## WORK TASK
Without including any pictures, retype exactly the lines from the top of the records through the line containing "26.8h1.3v.2h-1.3zM120.6 24.3h1.3v.2h-1.3zM121.9 32h3.8M121.9", that final line included.

## SUPPLIED DATA
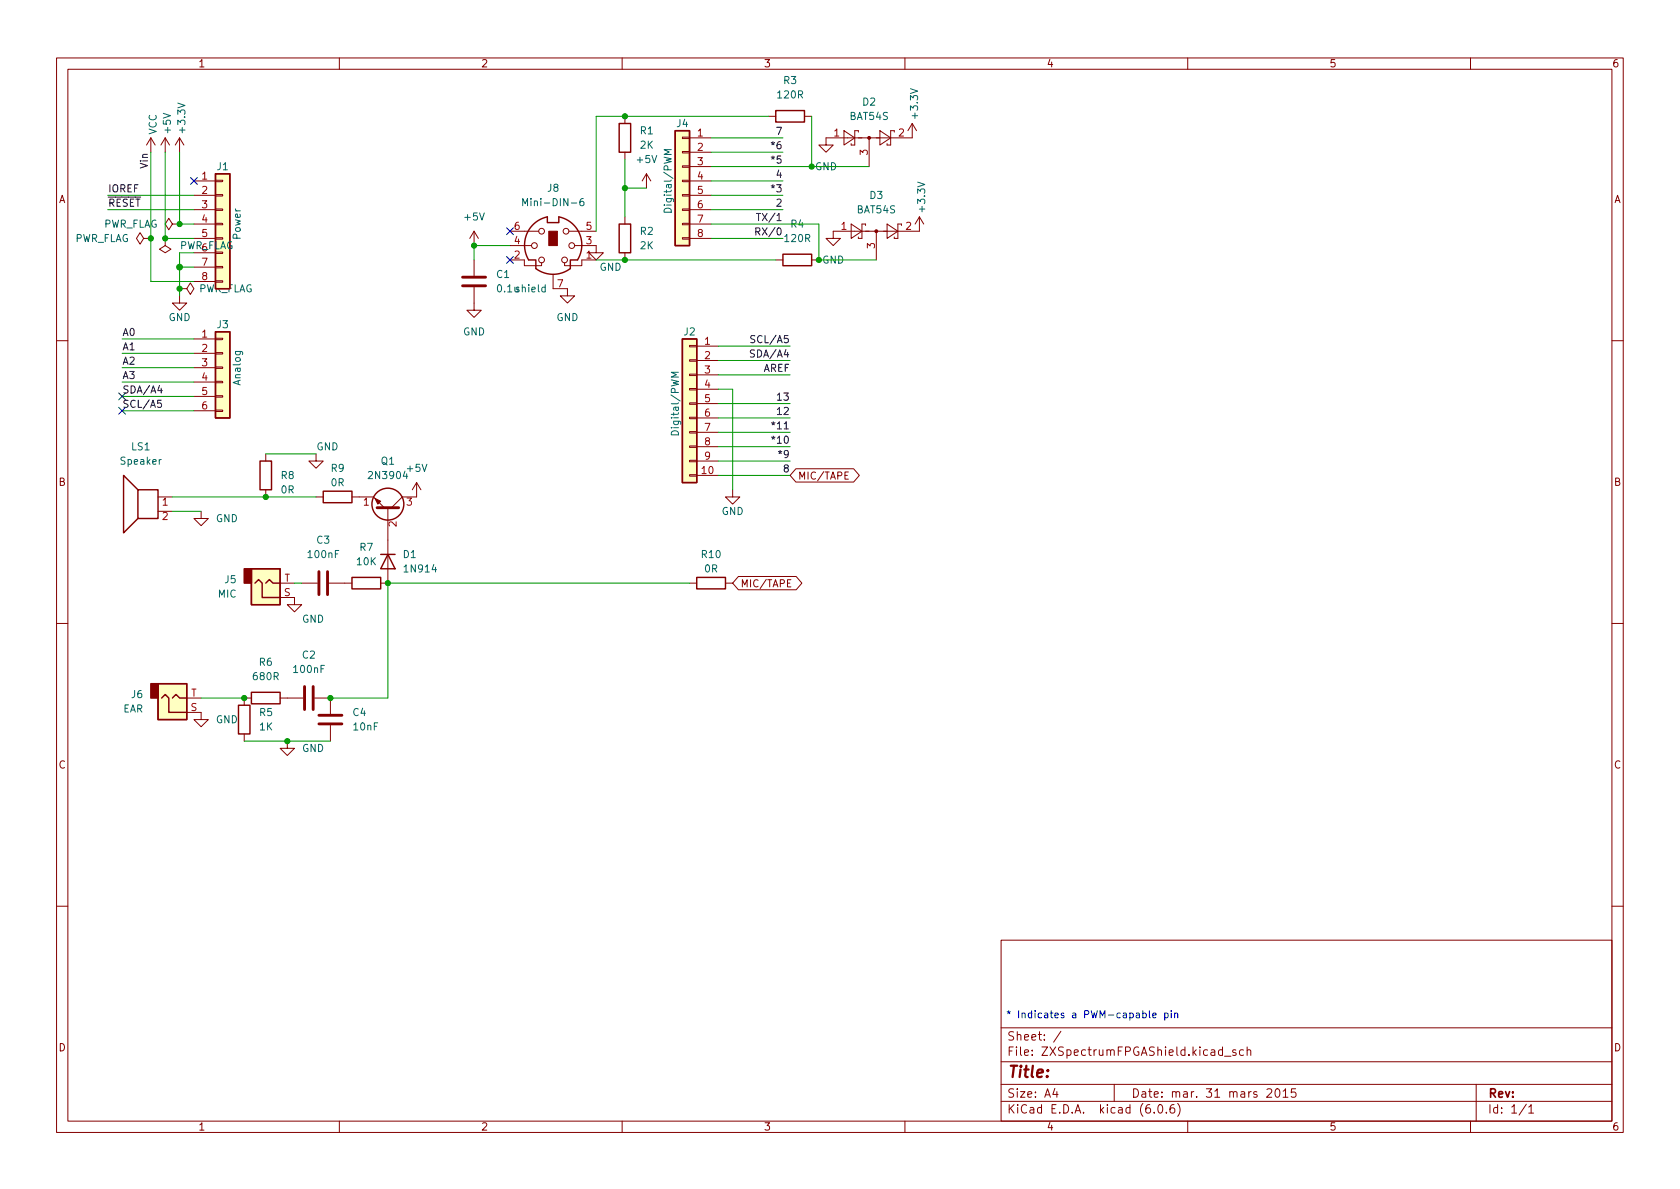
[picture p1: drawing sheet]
<svg xmlns="http://www.w3.org/2000/svg" width="297mm" height="210mm" viewBox="0 0 297 210" stroke-linecap="round" stroke-linejoin="round" font-family="sans-serif">
<g fill="none" stroke="#840000" stroke-width=".18">
<path d="M10 10.2h277v190.1h-277zM12 12.2h273v186.1h-273zM60 10.2v2M110 10.2v2M160 10.2v2M210 10.2v2M260 10.2v2M26.7 24.4l-.8 1.2M26.7 24.4v2.5M26.7 24.4l.7 1.2M29.2 24.4l-.8 1.2M29.2 24.4v2.5"/>
<path d="M29.2 24.4l.8 1.2M30.5 39.6l-.7-1-.6 1 .6 1 .7-1h1.2M31.7 39.6h.1M31.7 24.4l-.7 1.2M31.7 24.4v2.5M31.7 24.4l.8 1.2M34.3 32h3.8M34.3 34.5h3.8M34.3 37.1h3.8M34.3 39.6h3.8M38.1 39.5h1.3v.2h-1.3zM38.1 37h1.3v.2h-1.3z"/>
<path d="M38.1 34.4h1.3v.3h-1.3zM38.1 31.9h1.3v.2h-1.3zM110.5 20.6v1.2M110.5 26.9v1.3M110.5 38.3v1.3M114.3 30.7l-.8 1.3M114.3 30.7v2.6M114.3 30.7l.8 1.3M120.6 39.5h1.3v.2h-1.3zM120.6 37h1.3v.2h-1.3zM120.6 34.4h1.3v.3h-1.3zM120.6 31.9h1.3v.2h-1.3z"/>
<path d="M120.6 29.3h1.3v.3h-1.3zM120.6 26.8h1.3v.2h-1.3zM120.6 24.3h1.3v.2h-1.3zM121.9 32h3.8M121.9 34.5h3.8M121.9 37.1h3.8M121.9 39.6h3.8M121.9 24.4h3.8M121.9 26.9h3.8M121.9 29.5h3.8M135.9 20.6h1.3M142.2 20.6h1.3"/>
<path d="M149.2 23.1l1.9 1.3-1.9 1.2zM150.5 39.6l1.9 1.3-1.9 1.3zM151.8 23.4v-.3h-.7v2.5h-.6v-.2M153 39.9v-.3h-.6v2.6h-.6v-.3M153.7 24.4v5.1M155.6 23.1l1.9 1.3-1.9 1.2zM156.8 39.6l1.9 1.3-1.9 1.3zM158.1 23.4v-.3h-.6v2.5h-.7v-.2M159.4 39.9v-.3h-.7v2.6h-.6v-.3M161.3 21.8v2.6h-15.3v1.2h1.3l-1.3 1.3-1.2-1.3h1.2M161.3 21.8l-.8 1.3M161.3 21.8l.8 1.3"/>
<path d="M162.6 38.3v2.6h-15.3v1.3h1.3l-1.3 1.2-1.3-1.2h1.3M162.6 38.3l-.8 1.3M162.6 38.3l.7 1.3M25.4 42.2l-.6-1.1-.7 1.1 .7 1 .6-1h1.3M26.7 42.2h.1M29.2 42.2v1.2l1 .7-1 .6-1-.6 1-.7M29.2 42.2h.1M31.7 51h1.3l.7-1 .6 1-.6 1.1-.7-1.1M31.7 51h.1M31.7 52.3v1.3h1.3l-1.3 1.3-1.2-1.3h1.2M34.3 59.9h3.8M34.3 42.2h3.8"/>
<path d="M34.3 44.7h3.8M34.3 47.2h3.8M34.3 49.8h3.8M38.1 59.8h1.3v.3h-1.3zM38.1 49.7h1.3v.2h-1.3zM38.1 47.1h1.3v.3h-1.3zM38.1 42h1.3v.3h-1.3zM83.8 50.8v4.1h1.3l-1.3 1.2-1.3-1.2h1.3M83.8 40.9l-.7 1.3M83.8 40.9v2.5M83.8 46v2.8M83.8 40.9l.8 1.3"/>
<path d="M90.2 46h2.5v1h3.1v-.5M90.2 43.4h3.8M90.2 40.9h5M97.8 48.5v2.5h2.5v1.3h1.3l-1.3 1.3-1.2-1.3h1.2M100.6 40.9h4.8M101.6 43.4h3.8v1.3h1.3l-1.3 1.3-1.3-1.3h1.3M105.4 46h-2.5v1h-3.1v-.5M110.5 44.7v1.3M120.6 42h1.3v.3h-1.3zM121.9 42.2h3.8M137.2 46h1.2M143.5 46h1.3"/>
<path d="M154.9 40.9v5.1M10 60.2h2M34.3 62.5h3.8M34.3 65h3.8M34.3 67.6h3.8M34.3 70.1h3.8M34.3 72.6h3.8M38.1 72.5h1.3v.3h-1.3zM38.1 70h1.3v.2h-1.3zM38.1 67.4h1.3v.3h-1.3zM38.1 64.9h1.3v.2h-1.3zM38.1 62.4h1.3v.2h-1.3z"/>
<path d="M121.9 78.9h1.3v.2h-1.3zM121.9 76.3h1.3v.3h-1.3zM121.9 73.8h1.3v.2h-1.3zM121.9 71.2h1.3v.3h-1.3zM121.9 68.7h1.3v.3h-1.3zM121.9 66.2h1.3v.2h-1.3zM121.9 63.6h1.3v.3h-1.3zM121.9 61.1h1.3v.2h-1.3zM123.2 61.2h3.8M123.2 63.7h3.8M123.2 66.3h3.8M123.2 68.8h3.8"/>
<path d="M123.2 71.4h3.8M123.2 73.9h3.8M123.2 76.4h3.8M123.2 79h3.8M285 60.2h2M27.9 87.9h2.6M27.9 90.4h2.6M35.6 90.4v1.3h1.2l-1.2 1.3-1.3-1.3h1.3M47 80.3v1.2M47 86.6v1.3M55.9 80.3v1.2h1.2l-1.2 1.3-1.3-1.3h1.3M55.9 87.9h1.2"/>
<path d="M62.2 87.9h3.8l1.9 1.9M68.6 89.8v13.3h-1.3M73.7 85.3v2.6h-2.6l-1.9 1.9M73.7 85.3l-.8 1.3M73.7 85.3l.7 1.3M121.9 83.9h1.3v.3h-1.3zM121.9 81.4h1.3v.3h-1.3zM123.2 84.1h3.8M123.2 81.5h3.8M129.5 86.6v1.3h1.3l-1.3 1.2-1.2-1.2h1.2M140.7 82.9h10.2l1 1.2-1 1.1h-10.2l-1-1.1zM150 83.5h-.6v1.2h.6"/>
<path d="M10 110.2h2M49.5 105.7h2.6v1.2h1.2l-1.2 1.3-1.3-1.3h1.3M49.5 103.1h2.6M53.3 103.1h2.8M58.2 103.1h4M121.9 103.1h1.3M128.3 103.1h1.2M130.6 101.9h10.2l1 1.2-1 1.2h-10.2l-1.1-1.2zM139.8 102.5h-.6v1.3h.6M285 110.2h2M33 126h2.6v1.2h1.2l-1.2 1.3-1.3-1.3h1.3M33 123.4h2.6"/>
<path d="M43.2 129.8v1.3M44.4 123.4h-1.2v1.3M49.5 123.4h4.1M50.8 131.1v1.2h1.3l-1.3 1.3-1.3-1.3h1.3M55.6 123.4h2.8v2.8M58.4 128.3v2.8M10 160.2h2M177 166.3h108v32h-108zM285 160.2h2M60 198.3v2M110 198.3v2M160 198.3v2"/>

## ANSWER SECTION
[picture p1: drawing sheet]
<svg xmlns="http://www.w3.org/2000/svg" width="297mm" height="210mm" viewBox="0 0 297 210" stroke-linecap="round" stroke-linejoin="round" font-family="sans-serif">
<g fill="none" stroke="#840000" stroke-width=".18">
<path d="M10 10.2h277v190.1h-277zM12 12.2h273v186.1h-273zM60 10.2v2M110 10.2v2M160 10.2v2M210 10.2v2M260 10.2v2M26.7 24.4l-.8 1.2M26.7 24.4v2.5M26.7 24.4l.7 1.2M29.2 24.4l-.8 1.2M29.2 24.4v2.5"/>
<path d="M29.2 24.4l.8 1.2M30.5 39.6l-.7-1-.6 1 .6 1 .7-1h1.2M31.7 39.6h.1M31.7 24.4l-.7 1.2M31.7 24.4v2.5M31.7 24.4l.8 1.2M34.3 32h3.8M34.3 34.5h3.8M34.3 37.1h3.8M34.3 39.6h3.8M38.1 39.5h1.3v.2h-1.3zM38.1 37h1.3v.2h-1.3z"/>
<path d="M38.1 34.4h1.3v.3h-1.3zM38.1 31.9h1.3v.2h-1.3zM110.5 20.6v1.2M110.5 26.9v1.3M110.5 38.3v1.3M114.3 30.7l-.8 1.3M114.3 30.7v2.6M114.3 30.7l.8 1.3M120.6 39.5h1.3v.2h-1.3zM120.6 37h1.3v.2h-1.3zM120.6 34.4h1.3v.3h-1.3zM120.6 31.9h1.3v.2h-1.3z"/>
<path d="M120.6 29.3h1.3v.3h-1.3zM120.6 26.8h1.3v.2h-1.3zM120.6 24.3h1.3v.2h-1.3zM121.9 32h3.8M121.9 34.5h3.8M121.9 37.1h3.8M121.9 39.6h3.8M121.9 24.4h3.8M121.9 26.9h3.8M121.9 29.5h3.8M135.9 20.6h1.3M142.2 20.6h1.3"/>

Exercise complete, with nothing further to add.